UBS wurde in Frankreich wegen Steuerbetrugs mit einer Geldstrafe von 3,7 Milliarden Euro belegt
Feb 21, 2019| Ein Gericht in Paris, Frankreich, urteilte am 20., dass UBS illegal Kunden angeworben und Geldwäsche betrieben habe, wurde mit einer Geldstrafe von 3,7 Milliarden Euro belegt und entschädigte die französische Regierung für Steuerausfälle und Zinsen in Höhe von 800 Millionen Euro.

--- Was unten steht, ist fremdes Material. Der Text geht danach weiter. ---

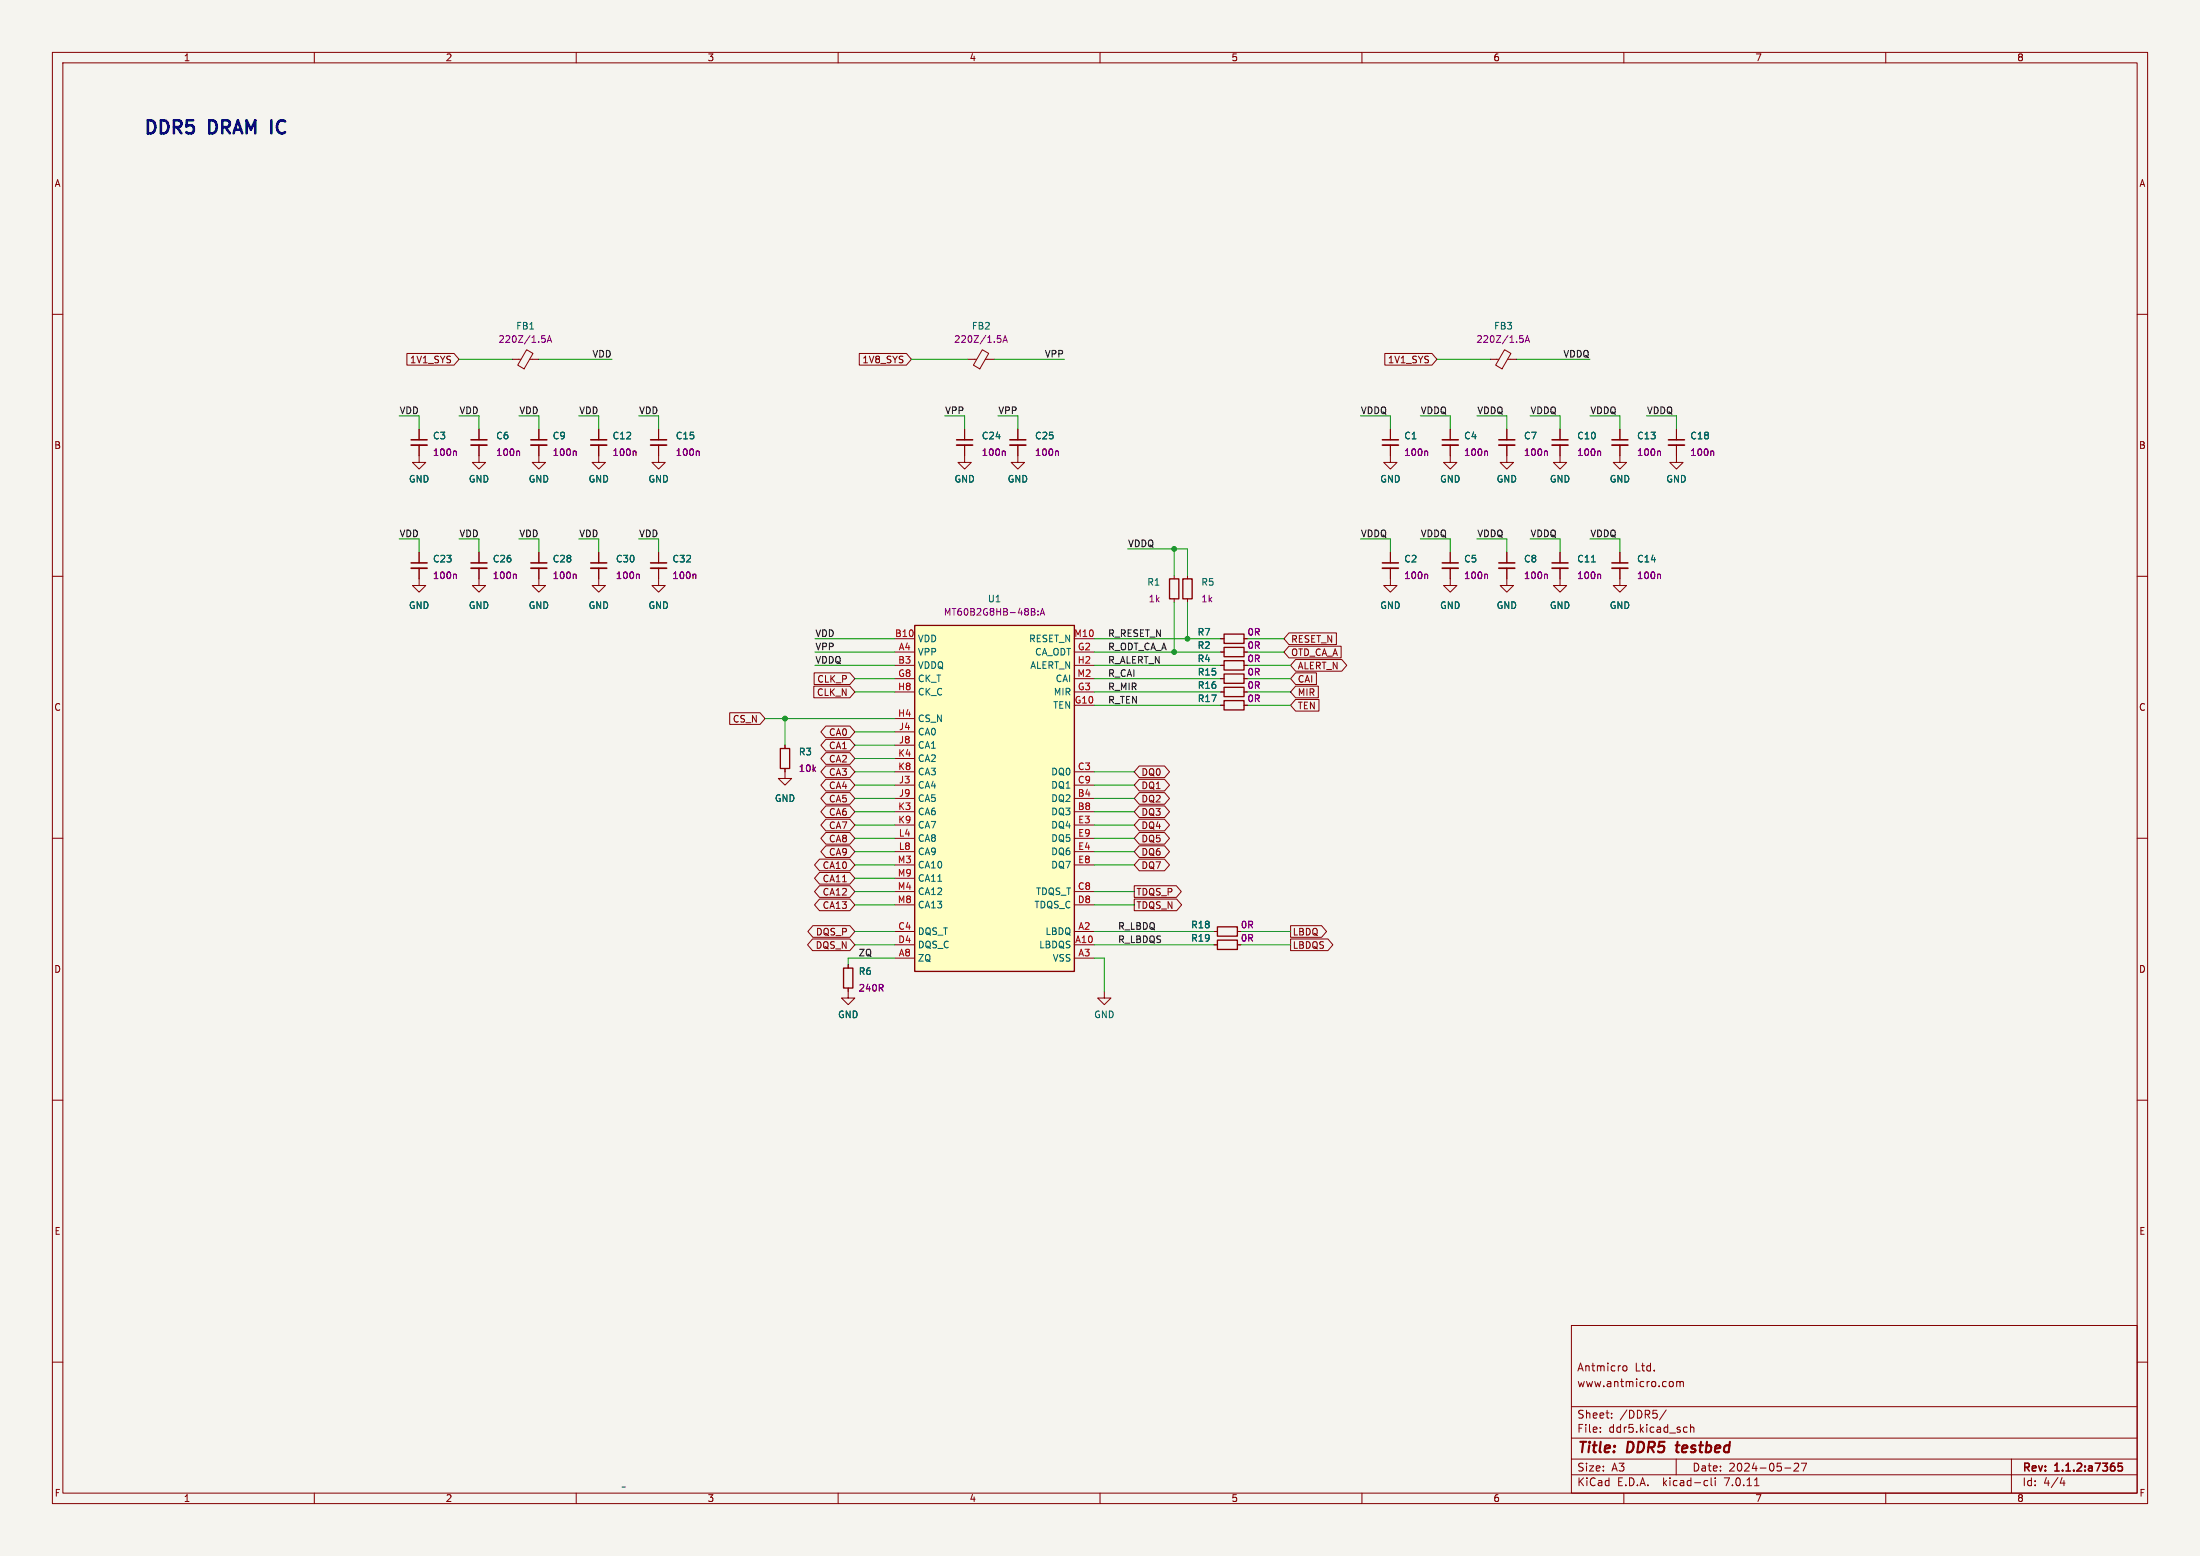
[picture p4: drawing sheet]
<svg xmlns="http://www.w3.org/2000/svg" width="420mm" height="297mm" viewBox="0 0 420 297" stroke-linecap="round" stroke-linejoin="round" font-family="sans-serif">
<path d="M0 0h420v297h-420z" fill="#f5f4ef" stroke="#f5f4ef" stroke-width=".19"/>
<g fill="none" stroke="#840000" stroke-width=".19">
<path d="M10 10h400v277h-400zM12 12h396v273h-396zM60 10v2M110 10v2M160 10v2M210 10v2M260 10v2M310 10v2M360 10v2M10 60h2M408 60h2M77.7 67.5h9l.9 1.1-.9 1.1h-9z"/>
<path d="M97.8 68.6h1.6M100.5 66.8l1.3 .7-1.7 2.9-1.3-.7zM101.1 68.6h1.8M164 67.5h9l1 1.1-1 1.1h-9zM184.8 68.6h1.6M187.5 66.8l1.2 .7-1.7 2.9-1.2-.7zM188.1 68.6h1.8M264.4 67.5h9l.9 1.1-.9 1.1h-9zM284.5 68.6h1.6M287.2 66.8l1.2 .7-1.7 2.9-1.2-.7zM287.8 68.6h1.8M80 85v3.3h1.3l-1.3 1.2-1.3-1.2h1.3"/>
<path d="M80 81.9v2M91.4 85v3.3h1.3l-1.3 1.2-1.2-1.2h1.2M91.4 81.9v2M102.9 85v3.3h1.2l-1.2 1.2-1.3-1.2h1.3M102.9 81.9v2M114.3 85v3.3h1.3l-1.3 1.2-1.3-1.2h1.3M114.3 81.9v2M125.7 85v3.3h1.3l-1.3 1.2-1.2-1.2h1.2M125.7 81.9v2M184.1 85v3.3h1.3l-1.3 1.2-1.2-1.2h1.2M184.1 81.9v2M194.3 85v3.3h1.3l-1.3 1.2-1.3-1.2h1.3"/>
<path d="M194.3 81.9v2M265.4 85v3.3h1.3l-1.3 1.2-1.2-1.2h1.2M265.4 81.9v2M276.9 85v3.3h1.2l-1.2 1.2-1.3-1.2h1.3M276.9 81.9v2M287.7 85v3.3h1.2l-1.2 1.2-1.3-1.2h1.3M287.7 81.9v2M297.8 85v3.3h1.3l-1.3 1.2-1.3-1.2h1.3M297.8 81.9v2M309.2 85v3.3h1.3l-1.3 1.2-1.2-1.2h1.2M309.2 81.9v2M320 85v3.3h1.3l-1.3 1.2-1.2-1.2h1.2"/>
<path d="M320 81.9v2M10 110h2M80 108.5v3.3h1.3l-1.3 1.2-1.3-1.2h1.3M80 105.4v2M91.4 108.5v3.3h1.3l-1.3 1.2-1.2-1.2h1.2M91.4 105.4v2M102.9 108.5v3.3h1.2l-1.2 1.2-1.3-1.2h1.3M102.9 105.4v2M114.3 108.5v3.3h1.3l-1.3 1.2-1.3-1.2h1.3M114.3 105.4v2M125.7 108.5v3.3h1.3l-1.3 1.2-1.2-1.2h1.2M125.7 105.4v2"/>
<path d="M224.2 109.9v.6M224.2 114.3v.6M226.7 109.9v.6M226.7 114.3v.6M265.4 108.5v3.3h1.3l-1.3 1.2-1.2-1.2h1.2M265.4 105.4v2M276.9 108.5v3.3h1.2l-1.2 1.2-1.3-1.2h1.3M276.9 105.4v2M287.7 108.5v3.3h1.2l-1.2 1.2-1.3-1.2h1.3M287.7 105.4v2M297.8 108.5v3.3h1.3l-1.3 1.2-1.3-1.2h1.3M297.8 105.4v2"/>
<path d="M309.2 108.5v3.3h1.3l-1.3 1.2-1.2-1.2h1.2M309.2 105.4v2M408 110h2M139.3 136h5.8l.9 1.2-.9 1.1h-5.8zM155.4 131h6.8l1 1.1-1 1.1h-6.8zM155.4 128.4h6.8l1 1.1-1 1.2h-6.8zM157.7 138.6h4.5l1 1.1-1 1.1h-4.5l-1-1.1zM170.8 129.5h3.8M170.8 124.5h3.8M170.8 132.1h3.8M170.8 127h3.8M170.8 121.9h3.8"/>
<path d="M170.8 137.2h3.8M170.8 139.7h3.8M205.1 129.5h3.8M205.1 124.5h3.8M205.1 132.1h3.8M205.1 127h3.8M205.1 134.6h3.8M205.1 121.9h3.8M233 129.5h.7M233 124.5h.7M233 132.1h.7M233 127h.7"/>
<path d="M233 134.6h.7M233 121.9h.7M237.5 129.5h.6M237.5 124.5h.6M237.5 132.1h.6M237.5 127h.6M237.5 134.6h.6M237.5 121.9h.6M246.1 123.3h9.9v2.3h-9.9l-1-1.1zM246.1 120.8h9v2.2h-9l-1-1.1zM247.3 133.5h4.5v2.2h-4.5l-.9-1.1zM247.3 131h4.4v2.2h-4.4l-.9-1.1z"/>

Der französische Staatsanwalt beschuldigte die UBS und ihre französische Tochtergesellschaft, von 2004 bis 2011 illegal wohlhabende französische Kunden für die Eröffnung von Konten in der Schweiz angeworben zu haben, um der französischen Staatsbesteuerung zu entgehen, insbesondere über Offshore-Unternehmen, Treuhandfonds und andere Kanäle. Sie transferierte auch Gelder, die nicht an die französischen Steuerbehörden gemeldet wurden, und richtete ein „Yin-und-Yang-Buch“ ein, um den Geldfluss zwischen Frankreich und der Schweiz abzudecken. Darüber hinaus wurde der UBS auch vorgeworfen, „Kunden bei der Bereinigung von Geldern zu helfen, die den zuständigen französischen Behörden nicht gemeldet wurden“. Nach Schätzungen der französischen Finanzstaatsanwaltschaft half UBS französischen Kunden bei der Steuerhinterziehung, was in Frankreich zu einem Steuerverlust von 10 Milliarden Euro führte.